Collected data entries
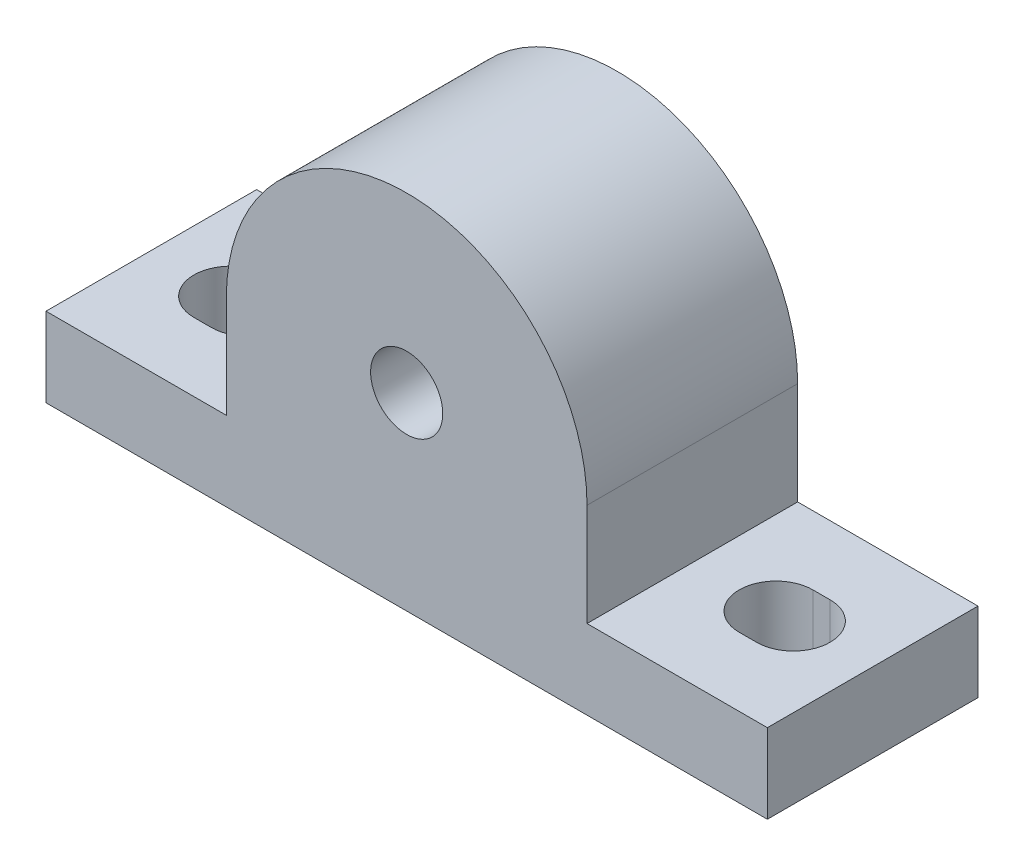
SolidWorks part; units mm, degrees
ref_plane "Front Plane" through (0, 0, 0) normal (0, 0, 1) x (1, 0, 0)
ref_plane "Top Plane" through (0, 0, 0) normal (0, 1, 0) x (1, 0, 0)
ref_plane "Right Plane" through (0, 0, 0) normal (1, 0, 0) x (0, 0, -1)
sketch "Sketch1" plane through (0, 0, 0) normal (0, 0, 1) x (1, 0, 0)
  line L0 (0, 0) -> (0, 31059.832) construction
  line L1 (0, 0) -> (31059.832, 0) construction
  line L2 (-63.5, -33.274) -> (63.5, -33.274)
  line L3 (-63.5, -33.274) -> (-63.5, -19.304)
  line L4 (-63.5, -19.304) -> (-31.75, -19.304)
  line L5 (63.5, -19.304) -> (63.5, -33.274)
  line L6 (31.75, -19.304) -> (63.5, -19.304)
  line L7 (-31.75, -1.27) -> (-31.75, -19.304)
  line L8 (31.75, -1.27) -> (31.75, -19.304)
  circle A0 centre (0, 0) radius 6.35
  arc A1 (-31.75, -1.27) -> (31.75, -1.27) centre (0, -1.27) cw
  point P10 (0, -33.274)
  point P15 (0, 30.48)
  dimension "D1" = 12.7
  dimension "D2" = 31.75
  dimension "D3" = 13.97
  dimension "D4" = 127
  dimension "D5" = 63.754
  dimension "D6" = 33.274
extrude "Boss-Extrude1" add sketch "Sketch1" along normal mid plane 37.084
sketch "Sketch2" plane through (0, -33.274, 0) normal (0, -1, 0) x (1, 0, 0)
  line L0 (-49.53, 0) -> (-46.482, 0) construction
  line L1 (-49.53, 6.477) -> (-46.482, 6.477)
  line L2 (-49.53, -6.477) -> (-46.482, -6.477)
  line L3 (0, 0) -> (0, 50000) construction
  line L4 (0, 0) -> (50000, 0) construction
  line L5 (49.53, 0) -> (46.482, 0) construction
  line L6 (49.53, 6.477) -> (46.482, 6.477)
  line L7 (49.53, -6.477) -> (46.482, -6.477)
  arc A0 (-49.53, 6.477) -> (-49.53, -6.477) centre (-49.53, 0) ccw
  arc A1 (-46.482, -6.477) -> (-46.482, 6.477) centre (-46.482, 0) ccw
  arc A2 (49.53, 6.477) -> (49.53, -6.477) centre (49.53, 0) cw
  arc A3 (46.482, -6.477) -> (46.482, 6.477) centre (46.482, 0) cw
  point P3 (-48.006, 0)
  point P8 (-56.007, 0)
  point P9 (-40.005, 0)
  point P16 (48.006, 0)
  dimension "D1" = 16.002
  dimension "D2" = 12.954
  dimension "D3" = 48.006
extrude "Cut-Extrude1" cut sketch "Sketch2" against normal through all
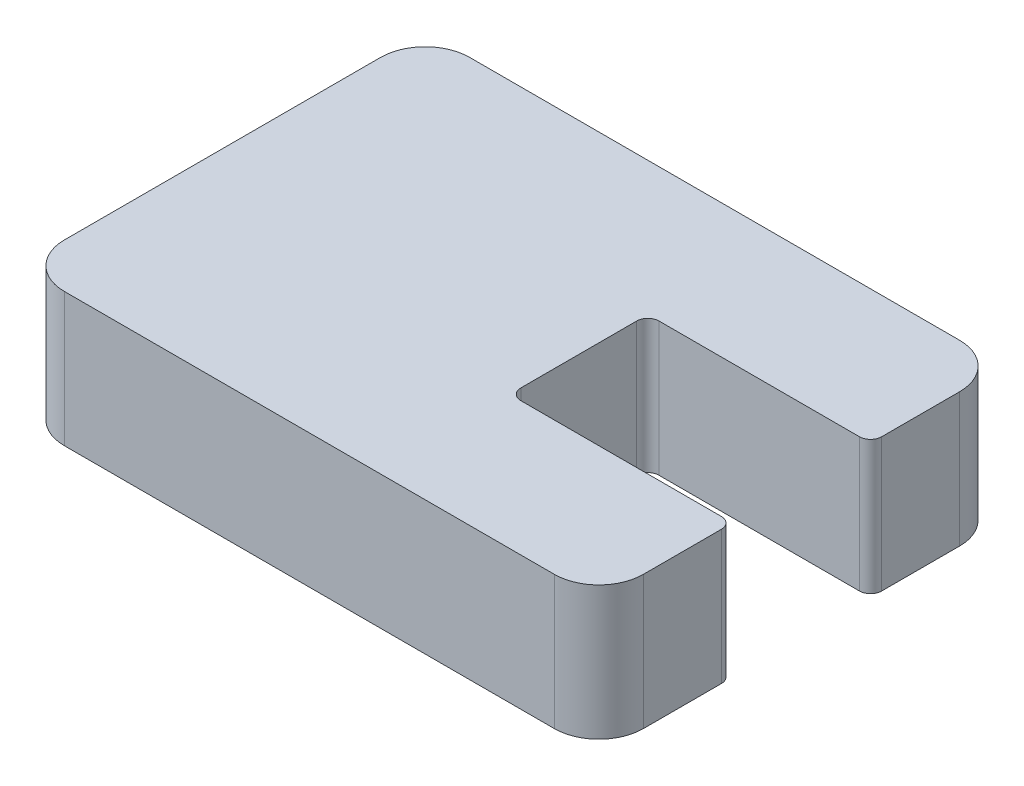
SolidWorks part; units mm, degrees
ref_plane "Alzado" through (0, 0, 0) normal (0, 0, 1) x (1, 0, 0)
ref_plane "Planta" through (0, 0, 0) normal (0, 1, 0) x (1, 0, 0)
ref_plane "Vista lateral" through (0, 0, 0) normal (1, 0, 0) x (0, 0, -1)
sketch "Croquis1" plane through (0, 0, 0) normal (0, 1, 0) x (1, 0, 0)
  line L0 (0, 3.55) -> (0, -3.55)
  line L1 (1, -4.55) -> (12, -4.55)
  line L2 (13, -3.55) -> (13, -1.55)
  line L3 (13, -1.55) -> (8, -1.55)
  line L4 (8, -1.55) -> (8, 1.55)
  line L5 (8, 1.55) -> (13, 1.55)
  line L6 (13, 1.55) -> (13, 3.55)
  line L7 (12, 4.55) -> (1, 4.55)
  arc A0 (12, -4.55) -> (13, -3.55) centre (12, -3.55) ccw
  arc A1 (0, -3.55) -> (1, -4.55) centre (1, -3.55) ccw
  arc A2 (0, 3.55) -> (1, 4.55) centre (1, 3.55) cw
  arc A3 (13, 3.55) -> (12, 4.55) centre (12, 3.55) ccw
  point P4 (0, 0)
  point P12 (13, -4.55)
  point P17 (0, 4.55)
  point P20 (13, 4.55)
  dimension "D7" = 1
  dimension "D8" = 1
  dimension "D1" = 3
  dimension "D2" = 3.1
  dimension "D3" = 3
  dimension "D4" = 13
  dimension "D5" = 5
  dimension "D6" = 5
extrude "Saliente-Extruir1" add sketch "Croquis1" along normal blind 3
fillet "Redondeo1" radius 0.25 4 edges at (13, 1.5, 1.55) (13, 1.5, -1.55) (8, 1.5, 1.55) (8, 1.5, -1.55)
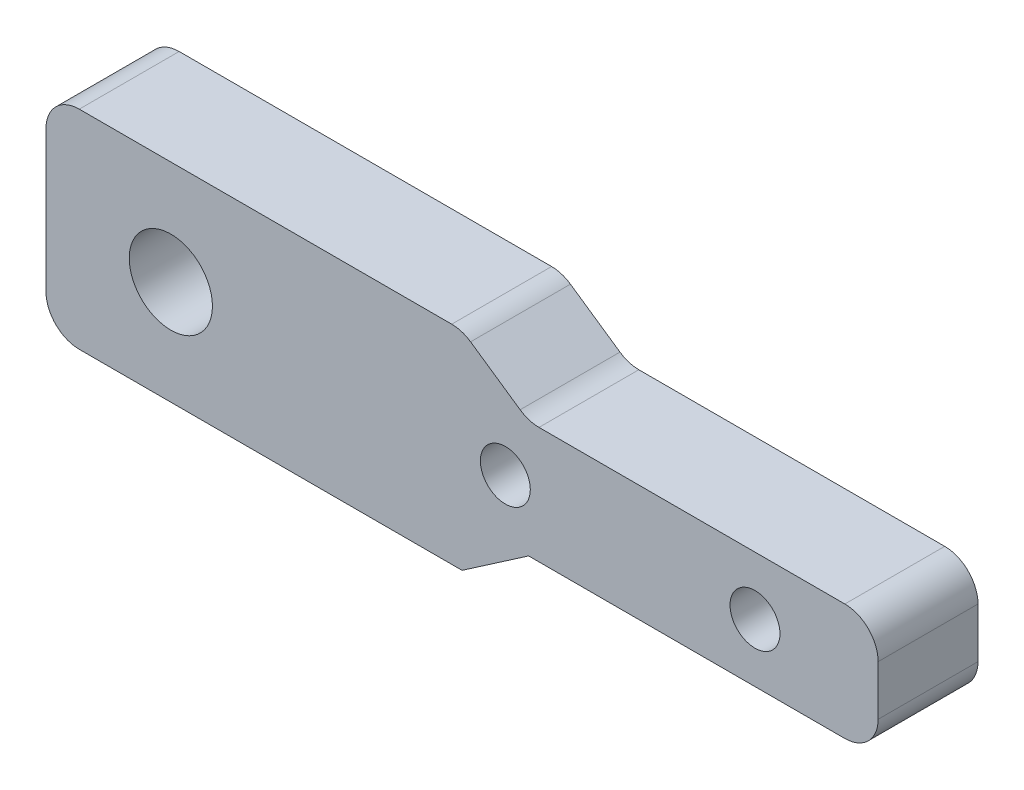
SolidWorks part; units mm, degrees
ref_plane "Plan de face" through (0, 0, 0) normal (0, 0, 1) x (1, 0, 0)
ref_plane "Plan de dessus" through (0, 0, 0) normal (0, 1, 0) x (1, 0, 0)
ref_plane "Plan de droite" through (0, 0, 0) normal (1, 0, 0) x (0, 0, -1)
sketch "Esquisse1" plane through (0, 0, 0) normal (0, 0, 1) x (1, 0, 0)
  line L0 (5.9392, 3.5) -> (26.9392, 3.5)
  line L1 (-23.0608, 6.25) -> (1.9392, 6.25)
  line L2 (-23.0608, 6.25) -> (-23.0608, -6.25)
  line L3 (-23.0608, -6.25) -> (1.9392, -6.25)
  line L4 (26.9392, 3.5) -> (26.9392, -3.5)
  line L5 (-23.0608, 6.25) -> (0, 0) construction
  line L6 (-23.0608, -6.25) -> (0, 0) construction
  line L7 (-23.0608, 0) -> (26.9392, 0) construction
  line L8 (5.9392, -3.5) -> (26.9392, -3.5)
  line L9 (5.9392, 3.5) -> (1.9392, 6.25)
  line L10 (5.9392, -3.5) -> (1.9392, -6.25)
  point P0 (0, 0)
  dimension "D1" = 12.5
  dimension "D2" = 50
  dimension "D3" = 3.5
  dimension "D4" = 4
  dimension "D5" = 25
extrude "Boss.-Extru.1" add sketch "Esquisse1" along normal blind 6
sketch "Esquisse2" plane through (0, 0, 6) normal (0, 0, 1) x (1, 0, 0)
  line L1 (-23.0608, 6.25) -> (-23.0608, -6.25) construction
  line L2 (-23.0608, 0) -> (26.9392, 0) construction
  line L3 (26.9392, -3.5) -> (26.9392, 3.5) construction
  circle A0 centre (-15.5608, 0) radius 2.5
  circle A1 centre (4.5392, 0) radius 1.5
  circle A2 centre (19.5392, 0) radius 1.5
  dimension "D1" = 5
  dimension "D2" = 3
  dimension "D4" = 3
  dimension "D3" = 7.5
  dimension "D5" = 20.1
  dimension "D6" = 35.1
extrude "Enlèv. mat.-Extru.1" cut sketch "Esquisse2" against normal through all
fillet "Congé2" radius 2 6 edges at (26.9392, -3.5, 3) (26.9392, 3.5, 3) (-23.0608, -6.25, 3) (-23.0608, 6.25, 3) (5.9392, 3.5, 3) (1.9392, 6.25, 3)
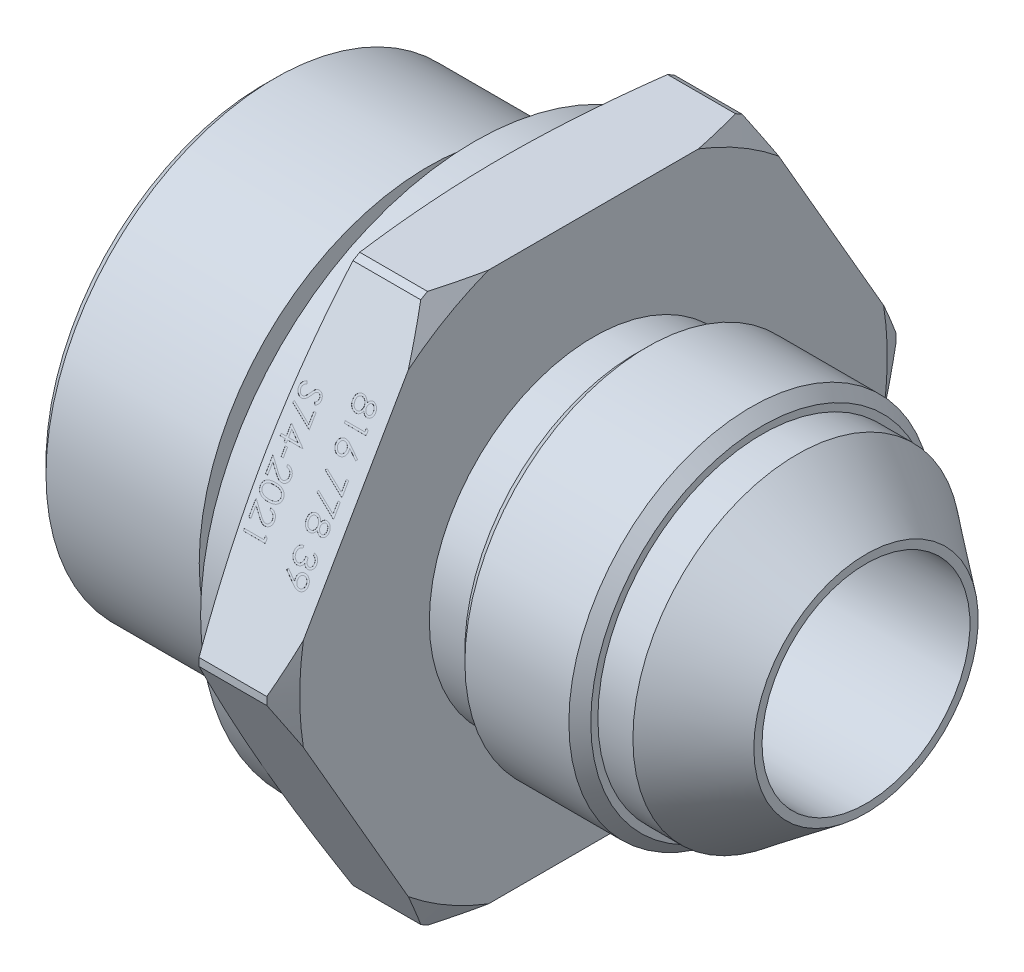
SolidWorks part; units mm, degrees
ref_plane "Front Plane" through (0, 0, 0) normal (0, 0, 1) x (1, 0, 0)
ref_plane "Top Plane" through (0, 0, 0) normal (0, 1, 0) x (1, 0, 0)
ref_plane "Right Plane" through (0, 0, 0) normal (1, 0, 0) x (0, 0, -1)
sketch "Sketch1" plane through (0, 0, 0) normal (0, 0, 1) x (1, 0, 0)
  line L0 (0, 0) -> (53.9967, 0) construction
  line L1 (0, 18.4) -> (0, 20.925)
  line L2 (15, 20.925) -> (15, 19.0336)
  line L3 (0, 20.925) -> (15, 20.925)
  line L4 (55, 9.5) -> (12.8047, 9.5)
  line L5 (22.8048, 28.75) -> (29, 28.75)
  line L6 (30.1, 26.8447) -> (30.1, 15)
  line L7 (30.1, 15) -> (34, 15)
  line L8 (34, 15) -> (34, 16.65)
  line L9 (34, 16.65) -> (45.5, 16.65)
  line L10 (45.5, 16.65) -> (45.5, 15)
  line L11 (45.5, 15) -> (48.7, 15)
  line L12 (48.7, 15) -> (55, 10.2526)
  line L13 (55, 10.2526) -> (55, 9.5)
  line L15 (21.8, 25) -> (19.2, 25)
  line L16 (19.2, 25) -> (19.2, 19.0336)
  line L18 (0, 18.4) -> (4.512, 15)
  line L19 (15, 19.0336) -> (19.2, 19.0336)
  line L20 (22.8048, 28.75) -> (21.8, 25)
  line L21 (29, 28.75) -> (30.1, 26.8447)
  line L22 (4.512, 15) -> (9.5, 15)
  line L23 (9.5, 15) -> (12.8047, 9.5)
  dimension "D3" = 30
  dimension "D4" = 6.3
  dimension "D5" = 9.5
  dimension "D6" = 33.3
  dimension "D7" = 21
  dimension "D8" = 10.9
  dimension "D9" = 8.3
  dimension "D10" = 55
  dimension "D11" = 41.85
  dimension "D12" = 15
  dimension "D13" = 57.5
  dimension "D14" = 19.2
  dimension "D15" = 50
  dimension "D16" = 1.1
  dimension "D17" = 30
  dimension "D18" = 75
  dimension "D19" = 37
  dimension "D20" = 19
  dimension "D21" = 38.0672
  dimension "D23" = 36.8
  dimension "D24" = 37
  dimension "D25" = 30
  dimension "D26" = 59
  dimension "D27" = 9.5
revolve "Revolve1" add sketch "Sketch1" angle 360 about L0
cosmetic thread "Cosmetic Thread1" parameters "D2"=39
cosmetic thread "Cosmetic Thread2" parameters "D2"=30
sketch "Sketch2" plane through (30.1, 0, 0) normal (1, 0, 0) x (0, 0, -1)
  line L1 (14.4771, 25.075) -> (-14.4771, 25.075)
  line L2 (-14.4771, 25.075) -> (-28.9541, 0)
  line L3 (-28.9541, 0) -> (-14.4771, -25.075)
  line L4 (-14.4771, -25.075) -> (14.4771, -25.075)
  line L5 (14.4771, -25.075) -> (28.9541, 0)
  line L6 (28.9541, 0) -> (14.4771, 25.075)
  circle A0 centre (0, 0) radius 25.075 construction
  dimension "D1" = 50.15
extrude "Extrude1" cut sketch "Sketch2" against normal up to surface (10.9 mm away) flip side to cut up to face at (19.2, 0, 19.0336)
chamfer "Chamfer1" distance 1 angle 45 1 edges at (0, 0, 20.925)
chamfer "Chamfer2" distance 1 angle 45 2 edges at (45.5, 0, 16.65) (34, 0, 16.65)
sketch "Sketch3" plane through (0, 12.5375, 21.7156) normal (0, 0.5, 0.866) x (1, 0, 0)
  line L0 (26.858, 12.3078) -> (26.858, -12.6117) construction
  line L1 (30.1, -15) -> (30.1, 15) construction
  text T0 "816 778 39\r\nS74-2021" font "Century Gothic" height 2
  dimension "D1" = 3.242
extrude "Cut-Extrude1" cut sketch "Sketch3" against normal blind 0.01

What to work on
Given the word "blind", show every line of the records that contains it.

Result of this task
extrude "Saliente-Extruir1" add sketch "Croquis1" along normal blind 3
extrude "Boss.-Extru.1" add sketch "Esquisse1" along normal blind 6
extrude "Cut-Extrude1" cut sketch "Sketch3" against normal blind 0.01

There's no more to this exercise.